La solution au problème


Ramana Maharshi disait : « La solution à votre problème est de voir qui l’a. » Tant que nous nous identifions à un « moi » séparé, les problèmes semblent réels et pressants. Mais dès que l’on regarde directement celui qui prétend être concerné, on découvre qu’il n’y a là qu’une pensée, qu’une image passagère dans la conscience. Sans ce « je » fabriqué par le mental, où est donc le problème ?

Robert Adams prolonge cette intuition avec une radicalité désarmante : « Le “je” croit avoir des problèmes, alors que le “je” est lui-même le seul problème. (…) Il n’y a pas de problèmes ! Il n’y en a jamais eu, il n’y en a pas aujourd’hui, et il n’y en aura jamais. La réalité qui soutient l’univers est pure Conscience. Elle n’a pas de problèmes. Et tu es Cela. »

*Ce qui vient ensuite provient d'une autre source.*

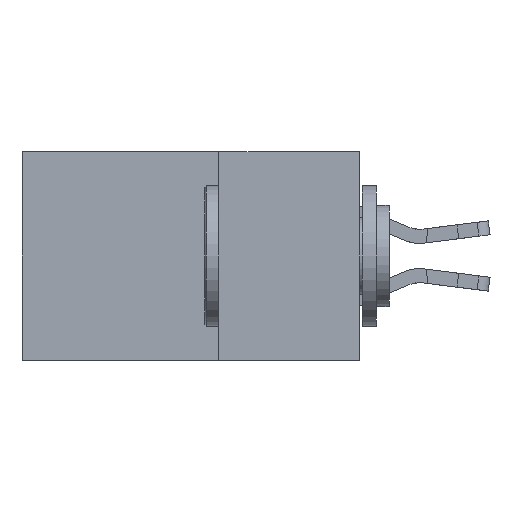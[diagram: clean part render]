
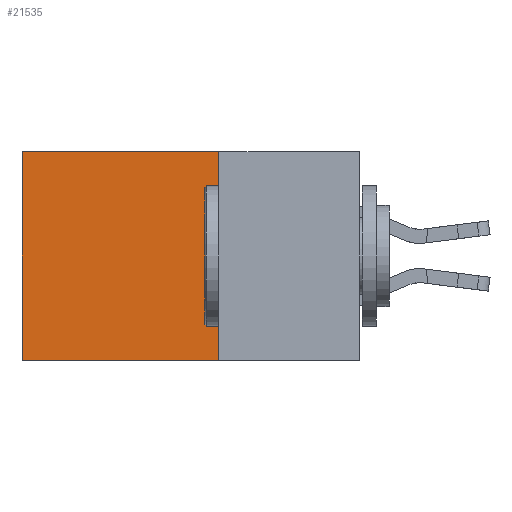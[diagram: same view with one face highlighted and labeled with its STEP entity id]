
A CAD part, left-side view. The second image highlights one B-rep face of the part: STEP entity #21535.
In plain terms, the highlighted planar face has unit normal (-1, 0, 0).
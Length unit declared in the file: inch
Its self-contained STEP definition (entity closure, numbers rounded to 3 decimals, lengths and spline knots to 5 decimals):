
#35 = LINE ( 'NONE', #5532, #2414 ) ;
#449 = VECTOR ( 'NONE', #21103, 39.37008 ) ;
#1070 = VECTOR ( 'NONE', #22620, 39.37008 ) ;
#2333 = EDGE_CURVE ( 'NONE', #5840, #9859, #3056, .T. ) ;
#2414 = VECTOR ( 'NONE', #23979, 39.37008 ) ;
#2498 = FACE_OUTER_BOUND ( 'NONE', #16726, .T. ) ;
#3056 = LINE ( 'NONE', #10946, #11837 ) ;
#4483 = CARTESIAN_POINT ( 'NONE',  ( 0.2875, 0.25, 0. ) ) ;
#5532 = CARTESIAN_POINT ( 'NONE',  ( 0.2875, 0.25, -0.37 ) ) ;
#5717 = CARTESIAN_POINT ( 'NONE',  ( 0.2875, 0.25, 0. ) ) ;
#5840 = VERTEX_POINT ( 'NONE', #9656 ) ;
#6205 = EDGE_CURVE ( 'NONE', #5840, #15966, #12208, .T. ) ;
#9656 = CARTESIAN_POINT ( 'NONE',  ( 0.2875, 0.25, 0. ) ) ;
#9859 = VERTEX_POINT ( 'NONE', #11060 ) ;
#10790 = ORIENTED_EDGE ( 'NONE', *, *, #6205, .F. ) ;
#10946 = CARTESIAN_POINT ( 'NONE',  ( 0.2875, 0.25, 0. ) ) ;
#11060 = CARTESIAN_POINT ( 'NONE',  ( 0.2875, 0.6, 0. ) ) ;
#11837 = VECTOR ( 'NONE', #20239, 39.37008 ) ;
#11907 = EDGE_CURVE ( 'NONE', #9859, #21479, #23549, .T. ) ;
#12208 = LINE ( 'NONE', #5717, #1070 ) ;
#12848 = ORIENTED_EDGE ( 'NONE', *, *, #23713, .F. ) ;
#13910 = PLANE ( 'NONE',  #16629 ) ;
#14323 = CARTESIAN_POINT ( 'NONE',  ( 0.2875, 0.6, -0.37 ) ) ;
#15103 = CARTESIAN_POINT ( 'NONE',  ( 0.2875, 0.6, 0. ) ) ;
#15966 = VERTEX_POINT ( 'NONE', #20989 ) ;
#16016 = DIRECTION ( 'NONE',  ( 1., 0., 0. ) ) ;
#16629 = AXIS2_PLACEMENT_3D ( 'NONE', #4483, #16016, #21375 ) ;
#16711 = ORIENTED_EDGE ( 'NONE', *, *, #2333, .T. ) ;
#16726 = EDGE_LOOP ( 'NONE', ( #17819, #12848, #10790, #16711 ) ) ;
#17819 = ORIENTED_EDGE ( 'NONE', *, *, #11907, .T. ) ;
#20239 = DIRECTION ( 'NONE',  ( 0., 1., 0. ) ) ;
#20989 = CARTESIAN_POINT ( 'NONE',  ( 0.2875, 0.25, -0.37 ) ) ;
#21103 = DIRECTION ( 'NONE',  ( 0., 0., -1. ) ) ;
#21375 = DIRECTION ( 'NONE',  ( 0., 0., -1. ) ) ;
#21479 = VERTEX_POINT ( 'NONE', #14323 ) ;
#21535 = ADVANCED_FACE ( 'NONE', ( #2498 ), #13910, .F. ) ;
#22620 = DIRECTION ( 'NONE',  ( 0., 0., -1. ) ) ;
#23549 = LINE ( 'NONE', #15103, #449 ) ;
#23713 = EDGE_CURVE ( 'NONE', #15966, #21479, #35, .T. ) ;
#23979 = DIRECTION ( 'NONE',  ( 0., 1., 0. ) ) ;

La non-dualité ne nie pas les difficultés pratiques de l’existence, mais elle invite à voir qu’en profondeur, au-delà de l’histoire de la personne, rien n’a jamais été troublé. Ce que nous sommes vraiment est cet espace silencieux et libre, immuable au cœur du changement. Là, aucun problème ne subsiste.

Et vivre à partir de cet espace change tout. Les relations se simplifient, car on ne cherche plus à défendre une identité fragile. La pensée se clarifie, moins obsédée par l’anticipation ou la rumination. La présence aux autres devient plus douce, plus authentique. Même le monde extérieur, avec ses défis et ses crises, est perçu autrement : non plus comme une menace permanente, mais comme un mouvement de vie traversant l’immuable. Découvrir qu’il n’y a pas de problème au cœur de l’être transforme radicalement la façon d’habiter le quotidien.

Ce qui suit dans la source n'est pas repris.